You can open a RaboDirect savings (or investment) account for a minor, ie, a person under 18 years of age. The adult controls the account, ie, receives the Digipass and conducts all transfers. To open an account for a minor you must supply the standard proof of identity and address documents for the adult plus a copy of the minor's birth cert or passport. This link provides a demo of how to open an account and documentation required [broken link removed]


----------



## aircobra19 (27 Aug 2007)

Thanks for that RaboD. 

For everyone: Whats the advantage in opening an account in the minors name rather than your own.


----------



## ClubMan (27 Aug 2007)

aircobra19 said:


> For everyone: Whats the advantage in opening an account in the minors name rather than your own.


One advantage is that you can have one in your name and one in the child's name allowing you to save 2 x €10K at 5% gross _CAR _instead of just one sum of €10K. I'm not aware of any other significant advantage.


----------



## tt225 (11 Apr 2008)

I know this is bumping an old thread, but the "best value lump sum deposits (euro)" thread is locked.  That thread links here for discussion of the Rabodirect savings accounts.
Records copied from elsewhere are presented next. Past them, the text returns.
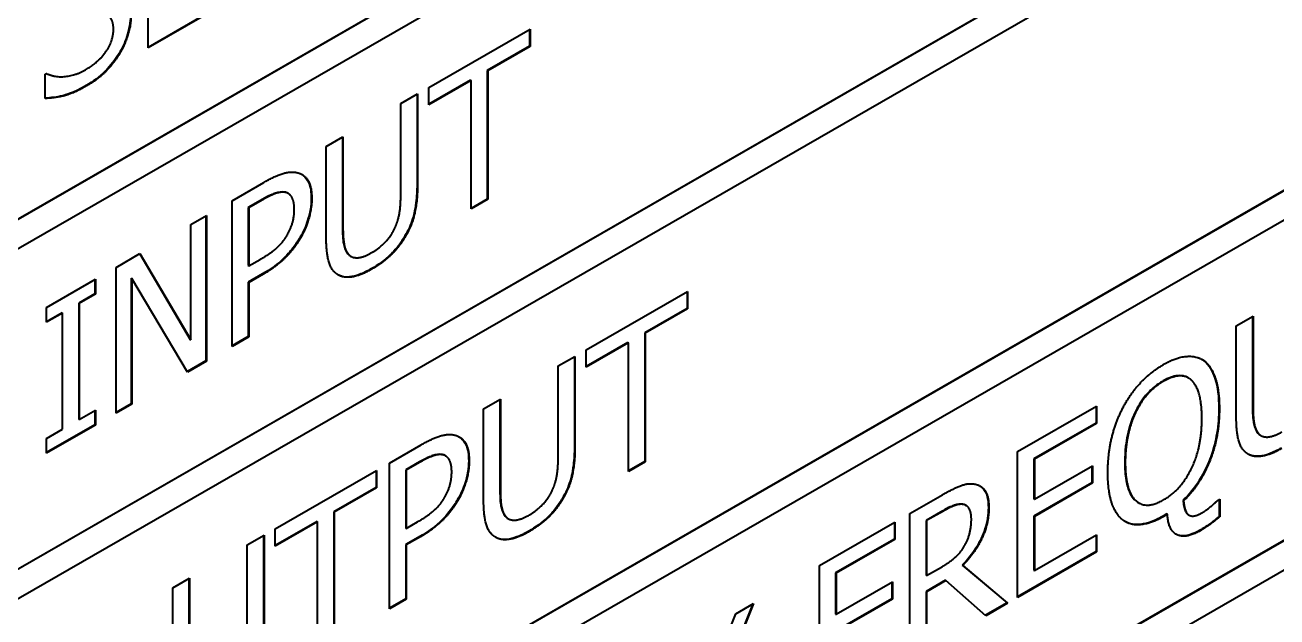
# Model space of a CAD drawing. Header units: millimetres. Extents: x 0 to 5945, y 0 to 4205.
# Drawn here: x 5612.02 to 5620.78, y 3424.18 to 3428.33 of the extents above; entities that cross this region are included whole.
import ezdxf

# ---------------------------------------------------------------- set-up
doc = ezdxf.new("R2010")
doc.units = ezdxf.units.MM
doc.header["$LTSCALE"] = 5
doc.layers.add('가시적인 것(ISO)', color=3, linetype='Continuous', lineweight=40)
doc.layers.add('가시적인 좁은 것(ISO)', color=3, linetype='Continuous', lineweight=35)

msp = doc.modelspace()

# ---------------------------------------------------------------- linework, layer by layer
at = {"layer": '가시적인 것(ISO)'}
for p, q in [((5611.495, 3426.696), (5627.2246, 3435.754)), ((5627.2282, 3435.752), (5611.495, 3426.6919)), ((5611.495, 3426.4875), (5627.2282, 3435.5476)), ((5611.495, 3424.2433), (5627.2246, 3433.3014)), ((5627.2282, 3433.2994), (5611.495, 3424.2393)), ((5611.495, 3424.0349), (5627.2282, 3433.095)), ((5611.495, 3421.7907), (5627.2246, 3430.8488)), ((5627.2282, 3430.8467), (5611.495, 3421.7866)), ((5611.495, 3421.5822), (5627.2282, 3430.6423)), ((5612.8766, 3428.165), (5612.8766, 3429.1869)), ((5613.4261, 3428.4854), (5612.8766, 3428.169)), ((5613.4296, 3428.4834), (5612.8766, 3428.165)), ((5611.495, 3419.3381), (5627.2246, 3428.3961)), ((5627.2282, 3428.3941), (5611.495, 3419.334)), ((5614.8421, 3427.8876), (5615.5526, 3428.2968)), ((5615.5491, 3428.2948), (5615.5491, 3428.1779)), ((5615.5526, 3428.2968), (5615.5526, 3428.1759)), ((5611.495, 3419.1296), (5627.2282, 3428.1897)), ((5615.5491, 3428.1779), (5615.2526, 3428.0072)), ((5615.5526, 3428.1759), (5615.2561, 3428.0051)), ((5615.5491, 3428.1779), (5615.5526, 3428.1759)), ((5615.2526, 3428.0072), (5615.2526, 3427.1061)), ((5615.2526, 3428.0072), (5615.2561, 3428.0051)), ((5615.2561, 3428.0051), (5615.2561, 3427.1041)), ((5612.1561, 3427.9819), (5612.1646, 3427.9869)), ((5612.1561, 3427.8113), (5612.1561, 3427.9819)), ((5615.1351, 3427.9395), (5614.8421, 3427.7708)), ((5615.1386, 3427.9375), (5614.8421, 3427.7667)), ((5615.1351, 3427.9395), (5615.1386, 3427.9375)), ((5615.1386, 3427.0365), (5615.1386, 3427.9375)), ((5614.6465, 3427.775), (5614.764, 3427.8427)), ((5614.7605, 3427.8406), (5614.7605, 3427.207)), ((5614.764, 3427.8427), (5614.764, 3427.205)), ((5614.8421, 3427.7667), (5614.8421, 3427.8876)), ((5614.6465, 3427.134), (5614.6465, 3427.775)), ((5614.1244, 3427.4743), (5614.2418, 3427.542)), ((5614.2383, 3427.5399), (5614.2383, 3426.9063)), ((5614.2418, 3427.542), (5614.2418, 3426.9043)), ((5614.1244, 3426.8367), (5614.1244, 3427.4743)), ((5613.4647, 3427.0944), (5613.6867, 3427.2223)), ((5613.8553, 3427.1465), (5613.8588, 3427.1445)), ((5613.4647, 3426.0725), (5613.4647, 3427.0944)), ((5613.676, 3427.1026), (5613.5786, 3427.0465)), ((5613.5786, 3427.0465), (5613.5822, 3427.0445)), ((5613.5786, 3427.0465), (5613.5786, 3426.6391)), ((5613.6796, 3427.1006), (5613.5822, 3427.0445)), ((5613.5822, 3427.0445), (5613.5822, 3426.637)), ((5615.2526, 3427.1061), (5615.1386, 3427.0405)), ((5615.2561, 3427.1041), (5615.1386, 3427.0365)), ((5615.2526, 3427.1061), (5615.2561, 3427.1041)), ((5613.176, 3426.9282), (5613.2856, 3426.9913)), ((5613.2821, 3426.9893), (5613.2821, 3425.9714)), ((5613.2856, 3426.9913), (5613.2856, 3425.9694)), ((5613.176, 3426.1191), (5613.176, 3426.9282)), ((5612.6531, 3426.6271), (5612.82, 3426.7232)), ((5612.8183, 3426.7222), (5613.1725, 3426.1211)), ((5612.82, 3426.7232), (5613.176, 3426.1191)), ((5614.2951, 3426.7061), (5614.2987, 3426.7041)), ((5612.6531, 3425.6052), (5612.6531, 3426.6271)), ((5613.5786, 3426.6391), (5613.5822, 3426.637)), ((5613.5822, 3426.637), (5613.6624, 3426.6832)), ((5612.1654, 3426.3462), (5612.5077, 3426.5434)), ((5612.5042, 3426.5413), (5612.5042, 3426.4411)), ((5612.5077, 3426.5434), (5612.5077, 3426.439)), ((5612.7592, 3426.5515), (5612.7592, 3425.6703)), ((5612.7592, 3426.5515), (5612.7627, 3426.5494)), ((5613.1538, 3425.8935), (5612.7627, 3426.5494)), ((5612.7627, 3426.5494), (5612.7627, 3425.6683)), ((5613.6782, 3426.5805), (5613.5786, 3426.5231)), ((5613.5786, 3426.5231), (5613.5822, 3426.5211)), ((5613.5786, 3426.5231), (5613.5786, 3426.1422)), ((5613.6817, 3426.5784), (5613.5822, 3426.5211)), ((5613.5822, 3426.5211), (5613.5822, 3426.1402)), ((5614.2067, 3426.5752), (5614.2089, 3426.5739)), ((5612.5042, 3426.4411), (5612.3918, 3426.3763)), ((5612.5077, 3426.439), (5612.3953, 3426.3743)), ((5612.5042, 3426.4411), (5612.5077, 3426.439)), ((5615.9444, 3426.0483), (5616.655, 3426.4574)), ((5616.6514, 3426.4554), (5616.6514, 3426.3386)), ((5616.655, 3426.4574), (5616.655, 3426.3365)), ((5612.1654, 3426.2419), (5612.1654, 3426.3462)), ((5612.3918, 3426.3763), (5612.3953, 3426.3743)), ((5612.3918, 3426.3763), (5612.3918, 3425.5631)), ((5612.3953, 3426.3743), (5612.3953, 3425.561)), ((5616.6514, 3426.3386), (5616.3549, 3426.1678)), ((5616.6514, 3426.3386), (5616.655, 3426.3365)), ((5612.2743, 3426.3087), (5612.1654, 3426.2459)), ((5612.2778, 3426.3066), (5612.1654, 3426.2419)), ((5612.2743, 3426.3087), (5612.2778, 3426.3066)), ((5612.2778, 3425.4934), (5612.2778, 3426.3066)), ((5616.655, 3426.3365), (5616.3584, 3426.1658)), ((5620.4978, 3426.2177), (5620.6153, 3426.2854)), ((5620.6117, 3426.2833), (5620.6117, 3425.6497)), ((5620.6153, 3426.2854), (5620.6153, 3425.6477)), ((5616.3549, 3426.1678), (5616.3549, 3425.2668)), ((5616.3549, 3426.1678), (5616.3584, 3426.1658)), ((5616.3584, 3426.1658), (5616.3584, 3425.2647)), ((5620.4978, 3425.58), (5620.4978, 3426.2177)), ((5613.1725, 3426.1211), (5613.176, 3426.1191)), ((5613.5786, 3426.1422), (5613.4647, 3426.0766)), ((5613.5822, 3426.1402), (5613.4647, 3426.0725)), ((5613.5786, 3426.1422), (5613.5822, 3426.1402)), ((5616.2374, 3426.1001), (5615.9444, 3425.9314)), ((5616.241, 3426.0981), (5615.9444, 3425.9273)), ((5616.2374, 3426.1001), (5616.241, 3426.0981)), ((5616.241, 3425.1971), (5616.241, 3426.0981)), ((5615.7489, 3425.9357), (5615.8664, 3426.0033)), ((5615.8628, 3426.0013), (5615.8628, 3425.3677)), ((5615.8664, 3426.0033), (5615.8664, 3425.3656)), ((5615.9444, 3425.9273), (5615.9444, 3426.0483)), ((5613.2821, 3425.9714), (5613.152, 3425.8965)), ((5613.2856, 3425.9694), (5613.1538, 3425.8935)), ((5613.2821, 3425.9714), (5613.2856, 3425.9694)), ((5615.7489, 3425.2947), (5615.7489, 3425.9357)), ((5620.1595, 3425.8536), (5620.163, 3425.8516)), ((5612.7592, 3425.6703), (5612.6531, 3425.6092)), ((5612.7627, 3425.6683), (5612.6531, 3425.6052)), ((5612.7592, 3425.6703), (5612.7627, 3425.6683)), ((5615.2267, 3425.635), (5615.3442, 3425.7026)), ((5615.3407, 3425.7006), (5615.3407, 3425.067)), ((5615.3442, 3425.7026), (5615.3442, 3425.0649)), ((5618.9664, 3425.3358), (5619.5194, 3425.6543)), ((5619.5158, 3425.6522), (5619.5158, 3425.5354)), ((5619.5194, 3425.6543), (5619.5194, 3425.5334)), ((5612.3918, 3425.5631), (5612.3953, 3425.561)), ((5612.3953, 3425.561), (5612.5077, 3425.6258)), ((5612.5042, 3425.6237), (5612.5042, 3425.5235)), ((5612.5077, 3425.6258), (5612.5077, 3425.5214)), ((5615.2267, 3424.9973), (5615.2267, 3425.635)), ((5612.5042, 3425.5235), (5612.1654, 3425.3283)), ((5612.5077, 3425.5214), (5612.1654, 3425.3243)), ((5612.1654, 3425.4286), (5612.2778, 3425.4934)), ((5612.5042, 3425.5235), (5612.5077, 3425.5214)), ((5619.5158, 3425.5354), (5619.0803, 3425.2846)), ((5619.5194, 3425.5334), (5619.0839, 3425.2826)), ((5619.5158, 3425.5354), (5619.5194, 3425.5334)), ((5612.1654, 3425.3243), (5612.1654, 3425.4286)), ((5614.567, 3425.2551), (5614.7891, 3425.3829)), ((5620.6686, 3425.4495), (5620.6721, 3425.4475)), ((5614.9576, 3425.3071), (5614.9612, 3425.3051)), ((5618.9664, 3424.3139), (5618.9664, 3425.3358)), ((5620.5802, 3425.3186), (5620.5823, 3425.3173)), ((5613.767, 3424.7943), (5614.4775, 3425.2035)), ((5614.474, 3425.2015), (5614.474, 3425.0846)), ((5614.4775, 3425.2035), (5614.4775, 3425.0826)), ((5614.567, 3424.2331), (5614.567, 3425.2551)), ((5614.7784, 3425.2632), (5614.681, 3425.2072)), ((5614.681, 3425.2072), (5614.6845, 3425.2051)), ((5614.681, 3425.2072), (5614.681, 3424.7997)), ((5614.7819, 3425.2612), (5614.6845, 3425.2051)), ((5614.6845, 3425.2051), (5614.6845, 3424.7977)), ((5616.3549, 3425.2668), (5616.241, 3425.2012)), ((5616.3584, 3425.2647), (5616.241, 3425.1971)), ((5616.3549, 3425.2668), (5616.3584, 3425.2647)), ((5619.0803, 3425.2846), (5619.0839, 3425.2826)), ((5619.0803, 3425.2846), (5619.0803, 3425.0047)), ((5619.0839, 3425.2826), (5619.0839, 3425.0027)), ((5619.0839, 3425.0027), (5619.49, 3425.2365)), ((5619.4865, 3425.2345), (5619.4865, 3425.1177)), ((5619.49, 3425.2365), (5619.49, 3425.1156)), ((5619.4865, 3425.1177), (5619.0803, 3424.8838)), ((5619.49, 3425.1156), (5619.0839, 3424.8818)), ((5619.4865, 3425.1177), (5619.49, 3425.1156)), ((5614.474, 3425.0846), (5614.1774, 3424.9139)), ((5614.4775, 3425.0826), (5614.181, 3424.9118)), ((5614.474, 3425.0846), (5614.4775, 3425.0826)), ((5618.2122, 3424.9015), (5618.4399, 3425.0327)), ((5618.602, 3424.9599), (5618.6056, 3424.9579)), ((5619.0803, 3425.0047), (5619.0839, 3425.0027)), ((5619.8117, 3424.9784), (5619.8152, 3424.9763)), ((5620.1254, 3424.9929), (5620.1289, 3424.9908)), ((5620.3667, 3424.9936), (5620.3825, 3425.0027)), ((5620.3789, 3425.0006), (5620.3789, 3424.8813)), ((5620.3825, 3425.0027), (5620.3825, 3424.8793)), ((5614.1774, 3424.9139), (5614.1774, 3424.0128)), ((5614.1774, 3424.9139), (5614.181, 3424.9118)), ((5614.181, 3424.9118), (5614.181, 3424.0108)), ((5615.3975, 3424.8667), (5615.401, 3424.8647)), ((5618.2122, 3423.8796), (5618.2122, 3424.9015)), ((5618.4428, 3424.9208), (5618.3261, 3424.8536)), ((5618.3261, 3424.8536), (5618.3296, 3424.8516)), ((5618.3261, 3424.8536), (5618.3261, 3424.4693)), ((5618.4464, 3424.9188), (5618.3296, 3424.8516)), ((5618.3296, 3424.8516), (5618.3296, 3424.4673)), ((5619.0803, 3424.8838), (5619.0839, 3424.8818)), ((5619.0803, 3424.8838), (5619.0803, 3424.5045)), ((5619.0839, 3424.8818), (5619.0839, 3424.5025)), ((5620.0122, 3424.8987), (5619.985, 3424.883)), ((5620.0157, 3424.8967), (5619.9885, 3424.881)), ((5620.0122, 3424.8987), (5620.0157, 3424.8967)), ((5620.1637, 3424.8924), (5620.1672, 3424.8904)), ((5620.3789, 3424.8813), (5620.3825, 3424.8793)), ((5614.06, 3424.8462), (5613.767, 3424.6775)), ((5614.0635, 3424.8442), (5613.767, 3424.6734)), ((5613.767, 3424.6734), (5613.767, 3424.7943)), ((5614.06, 3424.8462), (5614.0635, 3424.8442)), ((5614.0635, 3423.9432), (5614.0635, 3424.8442)), ((5614.681, 3424.7997), (5614.6845, 3424.7977)), ((5614.6845, 3424.7977), (5614.7647, 3424.8439)), ((5617.5783, 3424.5365), (5618.1069, 3424.8409)), ((5618.1033, 3424.8388), (5618.1033, 3424.722)), ((5618.1069, 3424.8409), (5618.1069, 3424.72)), ((5613.5714, 3424.6817), (5613.6889, 3424.7494)), ((5613.5714, 3424.0407), (5613.5714, 3424.6817)), ((5613.6853, 3424.7473), (5613.6853, 3424.1137)), ((5613.6889, 3424.7494), (5613.6889, 3424.1117)), ((5614.7805, 3424.7411), (5614.681, 3424.6838)), ((5614.681, 3424.6838), (5614.6845, 3424.6817)), ((5614.681, 3424.6838), (5614.681, 3424.3028)), ((5614.7841, 3424.7391), (5614.6845, 3424.6817)), ((5614.6845, 3424.6817), (5614.6845, 3424.3008)), ((5615.3091, 3424.7358), (5615.3112, 3424.7346)), ((5618.1033, 3424.722), (5617.6922, 3424.4852)), ((5618.1069, 3424.72), (5617.6957, 3424.4832)), ((5618.1033, 3424.722), (5618.1069, 3424.72)), ((5619.0839, 3424.5025), (5619.5194, 3424.7533)), ((5619.5158, 3424.7512), (5619.5158, 3424.6344)), ((5619.5194, 3424.7533), (5619.5194, 3424.6323)), ((5619.5158, 3424.6344), (5618.9664, 3424.318)), ((5619.5194, 3424.6323), (5618.9664, 3424.3139)), ((5619.5158, 3424.6344), (5619.5194, 3424.6323)), ((5617.5783, 3423.5145), (5617.5783, 3424.5365)), ((5618.3296, 3424.4673), (5618.4328, 3424.5267)), ((5618.5782, 3424.5392), (5618.5818, 3424.5371)), ((5618.5782, 3424.5392), (5618.8927, 3424.2755)), ((5618.5818, 3424.5371), (5618.8962, 3424.2735)), ((5619.0803, 3424.5045), (5619.0839, 3424.5025)), ((5613.0492, 3424.381), (5613.1667, 3424.4487)), ((5613.1632, 3424.4466), (5613.1632, 3423.813)), ((5613.1667, 3424.4487), (5613.1667, 3423.811)), ((5617.6922, 3424.4852), (5617.6922, 3424.197)), ((5617.6922, 3424.4852), (5617.6957, 3424.4832)), ((5617.6957, 3424.4832), (5617.6957, 3424.195)), ((5617.6957, 3424.195), (5618.0897, 3424.4219)), ((5618.0861, 3424.4198), (5618.0861, 3424.303)), ((5618.0897, 3424.4219), (5618.0897, 3424.301)), ((5618.3261, 3424.4693), (5618.3296, 3424.4673)), ((5618.4608, 3424.4334), (5618.3261, 3424.3559)), ((5618.4643, 3424.4314), (5618.3296, 3424.3538)), ((5618.4608, 3424.4334), (5618.4643, 3424.4314)), ((5618.7436, 3424.1856), (5618.4643, 3424.4314)), ((5613.0492, 3423.7434), (5613.0492, 3424.381)), ((5618.3261, 3424.3559), (5618.3296, 3424.3538)), ((5618.3261, 3424.3559), (5618.3261, 3423.9493)), ((5618.3296, 3424.3538), (5618.3296, 3423.9472)), ((5614.681, 3424.3028), (5614.567, 3424.2372)), ((5614.6845, 3424.3008), (5614.567, 3424.2331)), ((5614.681, 3424.3028), (5614.6845, 3424.3008)), ((5617.1113, 3424.2676), (5616.8148, 3423.5311)), ((5617.117, 3424.2708), (5616.8183, 3423.5291)), ((5616.9923, 3424.1991), (5617.117, 3424.2708)), ((5618.0861, 3424.303), (5617.6922, 3424.0761)), ((5618.0897, 3424.301), (5617.6957, 3424.0741)), ((5618.0861, 3424.303), (5618.0897, 3424.301)), ((5618.8927, 3424.2755), (5618.7408, 3424.1881)), ((5618.8962, 3424.2735), (5618.7436, 3424.1856)), ((5618.8927, 3424.2755), (5618.8962, 3424.2735)), ((5616.7603, 3423.6157), (5616.9923, 3424.1991)), ((5617.6922, 3424.197), (5617.6957, 3424.195))]:
    msp.add_line(p, q, dxfattribs=at)
for points, degree in [([(5612.6345, 3428.2955), (5612.6345, 3428.3568), (5612.5822, 3428.4029), (5612.5256, 3428.3894)], 2), ([(5612.757, 3428.3876), (5612.757, 3428.3271), (5612.7147, 3428.1869), (5612.6768, 3428.1244)], 2), ([(5612.4375, 3428.0115), (5612.535, 3428.0676), (5612.6345, 3428.2185), (5612.6345, 3428.2955)], 2), ([(5612.6768, 3428.1244), (5612.6345, 3428.0554), (5612.5271, 3427.9455), (5612.4461, 3427.8989)], 2), ([(5612.1646, 3427.9869), (5612.2227, 3427.9573), (5612.3695, 3427.9723), (5612.4375, 3428.0115)], 2), ([(5612.4461, 3427.8989), (5612.3502, 3427.8436), (5612.2155, 3427.8124), (5612.1561, 3427.8113)], 2), ([(5613.6867, 3427.2223), (5613.7655, 3427.2677), (5613.8758, 3427.3014), (5613.9181, 3427.2918)], 2), ([(5613.9181, 3427.2918), (5613.9675, 3427.2813), (5614.0234, 3427.1934), (5614.0234, 3427.1081)], 2), ([(5613.8371, 3427.1524), (5613.8092, 3427.1579), (5613.7347, 3427.1323), (5613.6796, 3427.1006)], 2), ([(5613.8553, 3427.1465), (5613.8487, 3427.1503), (5613.8415, 3427.1529), (5613.8336, 3427.1544)], 3), ([(5613.9009, 3427.0334), (5613.9009, 3427.0864), (5613.8694, 3427.1461), (5613.8371, 3427.1524)], 2), ([(5614.6086, 3426.9093), (5614.6308, 3426.961), (5614.6465, 3427.0653), (5614.6465, 3427.134)], 2), ([(5614.764, 3427.205), (5614.764, 3427.0982), (5614.7268, 3426.9243), (5614.6795, 3426.8449)], 2), ([(5614.0234, 3427.1081), (5614.0234, 3427.0418), (5613.9826, 3426.8991), (5613.946, 3426.8366)], 2), ([(5613.8508, 3426.853), (5613.8773, 3426.8989), (5613.9009, 3426.9846), (5613.9009, 3427.0334)], 2), ([(5614.2418, 3426.9043), (5614.2418, 3426.8331), (5614.2576, 3426.7461), (5614.2798, 3426.72)], 2), ([(5614.4438, 3426.7308), (5614.499, 3426.7625), (5614.5849, 3426.8543), (5614.6086, 3426.9093)], 2), ([(5613.6624, 3426.6832), (5613.734, 3426.7245), (5613.8221, 3426.8017), (5613.8508, 3426.853)], 2), ([(5613.946, 3426.8366), (5613.9002, 3426.7581), (5613.7763, 3426.6329), (5613.6817, 3426.5784)], 2), ([(5614.2089, 3426.5739), (5614.1623, 3426.6001), (5614.1244, 3426.7273), (5614.1244, 3426.8367)], 2), ([(5614.6795, 3426.8449), (5614.6372, 3426.7726), (5614.5255, 3426.6618), (5614.4438, 3426.6148)], 2), ([(5614.2763, 3426.722), (5614.2818, 3426.7155), (5614.2881, 3426.7102), (5614.2951, 3426.7061)], 3), ([(5614.2798, 3426.72), (5614.3034, 3426.6922), (5614.3851, 3426.6969), (5614.4438, 3426.7308)], 2), ([(5614.4438, 3426.6148), (5614.3658, 3426.5699), (5614.2497, 3426.5503), (5614.2089, 3426.5739)], 2), ([(5619.9885, 3425.946), (5620.0788, 3425.998), (5620.2235, 3426.0084), (5620.2736, 3425.971)], 2), ([(5619.7042, 3425.6431), (5619.7557, 3425.7415), (5619.8997, 3425.8948), (5619.9885, 3425.946)], 2), ([(5620.2559, 3425.9825), (5620.2608, 3425.9796), (5620.2655, 3425.9765), (5620.2701, 3425.9731)], 3), ([(5620.2736, 3425.971), (5620.3237, 3425.9328), (5620.3796, 3425.7654), (5620.3796, 3425.6379)], 2), ([(5619.9892, 3425.8288), (5619.9255, 3425.7921), (5619.8295, 3425.6855), (5619.793, 3425.6098)], 2), ([(5620.1848, 3425.8354), (5620.1497, 3425.8682), (5620.0508, 3425.8643), (5619.9892, 3425.8288)], 2), ([(5620.2571, 3425.5673), (5620.2571, 3425.6692), (5620.2192, 3425.8039), (5620.1848, 3425.8354)], 2), ([(5619.5981, 3425.1879), (5619.5981, 3425.317), (5619.6533, 3425.5443), (5619.7042, 3425.6431)], 2), ([(5620.3796, 3425.6379), (5620.3796, 3425.4391), (5620.2457, 3425.1036), (5620.1289, 3424.9908)], 2), ([(5620.6153, 3425.6477), (5620.6153, 3425.5765), (5620.631, 3425.4895), (5620.6532, 3425.4633)], 2), ([(5619.793, 3425.6098), (5619.7579, 3425.5374), (5619.7206, 3425.3578), (5619.7206, 3425.2584)], 2), ([(5619.9892, 3424.9973), (5620.1117, 3425.0679), (5620.2571, 3425.3661), (5620.2571, 3425.5673)], 2), ([(5620.5823, 3425.3173), (5620.5358, 3425.3435), (5620.4978, 3425.4707), (5620.4978, 3425.58)], 2), ([(5620.6497, 3425.4654), (5620.6552, 3425.4589), (5620.6615, 3425.4536), (5620.6686, 3425.4495)], 3), ([(5620.6532, 3425.4633), (5620.6769, 3425.4356), (5620.7585, 3425.4403), (5620.8172, 3425.4742)], 2), ([(5614.7891, 3425.3829), (5614.8679, 3425.4283), (5614.9782, 3425.462), (5615.0204, 3425.4524)], 2), ([(5615.0204, 3425.4524), (5615.0699, 3425.4419), (5615.1257, 3425.354), (5615.1257, 3425.2687)], 2), ([(5614.9395, 3425.313), (5614.9116, 3425.3185), (5614.8371, 3425.293), (5614.7819, 3425.2612)], 2), ([(5614.9576, 3425.3071), (5614.9511, 3425.3109), (5614.9438, 3425.3135), (5614.936, 3425.3151)], 3), ([(5615.0032, 3425.1941), (5615.0032, 3425.2471), (5614.9717, 3425.3068), (5614.9395, 3425.313)], 2), ([(5615.7109, 3425.0699), (5615.7331, 3425.1216), (5615.7489, 3425.2259), (5615.7489, 3425.2947)], 2), ([(5615.8664, 3425.3656), (5615.8664, 3425.2588), (5615.8291, 3425.085), (5615.7818, 3425.0056)], 2), ([(5620.8172, 3425.3582), (5620.7392, 3425.3133), (5620.6231, 3425.2936), (5620.5823, 3425.3173)], 2), ([(5615.1257, 3425.2687), (5615.1257, 3425.2025), (5615.0849, 3425.0597), (5615.0484, 3424.9973)], 2), ([(5619.7206, 3425.2584), (5619.7206, 3425.0572), (5619.8668, 3424.9268), (5619.9892, 3424.9973)], 2), ([(5614.9531, 3425.0136), (5614.9796, 3425.0595), (5615.0032, 3425.1452), (5615.0032, 3425.1941)], 2), ([(5618.4399, 3425.0327), (5618.5159, 3425.0764), (5618.6183, 3425.1163), (5618.6648, 3425.1084)], 2), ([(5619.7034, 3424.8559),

The rate quoted in the "best value" thread is: 
4.30% on €1 to €1m
3.95% on over €1m

In fact the current interest rates are (since 12/3/08):
5.0% on €1 to €10k
3.75% on €10k to €1m
2.75% on over €1m


----------



## messyleo (11 Apr 2008)

Where did you see that tt? The rates according to the website are:
[broken link removed]


----------



## Welfarite (11 Apr 2008)

And here


----------



## TSThomas (11 Apr 2008)

tt225 said:


> In fact the current interest rates are (since 12/3/08):
> 5.0% on €1 to €10k
> 3.75% on €10k to €1m
> 2.75% on over €1m


No, they're not  The Rabodirect website lists both 2007 & 2008 Interest rates, you're looking at the 2007 column.


----------



## Gautama (29 Jan 2009)

If you open this account using the Irish Times promotion, you get €20.

www.irishtimes.com/savings

Ok, €20 is not much, and 3% is low interest, and the Dodgypass is a pain in the This post will be deleted if not edited to remove bad language, but Rabo are AAA which is something in the current climate.


----------



## peterwilson (21 Apr 2009)

Is there rate 3% or 2.25% as in the Best Buys?
Thanks


----------



## Lightning (21 Apr 2009)

What an old thread 



peterwilson said:


> Is there rate 3% or 2.25% as in the Best Buys?
> Thanks



The rate is 2.25%. 

See http://www.rabodirect.ie/


----------



## PaulyB63 (2 May 2009)

Am I missing something here??

I just had a look in my Rabo account and there's the offer of a term deposit rate if you lock the money in for a period of 1 month through to 5 years.....

The one month rate is 0.7% and the 5 year rate is 3.9% with variations in between. 

What I'm wondering is where is the advantage if the rate they offer on standard savings is 2.25%?????

Again... Am I missing something??


----------



## Lightning (2 May 2009)

PaulyB63 said:


> The one month rate is 0.7% and the 5 year rate is 3.9% with variations in between.
> 
> What I'm wondering is where is the advantage if the rate they offer on standard savings is 2.25%?????
> 
> Again... Am I missing something??



The only advantage is that the term deposit rate is fixed while their on demand rate is variable. 

0.70% for a 1 month term deposit is not worth touching.


----------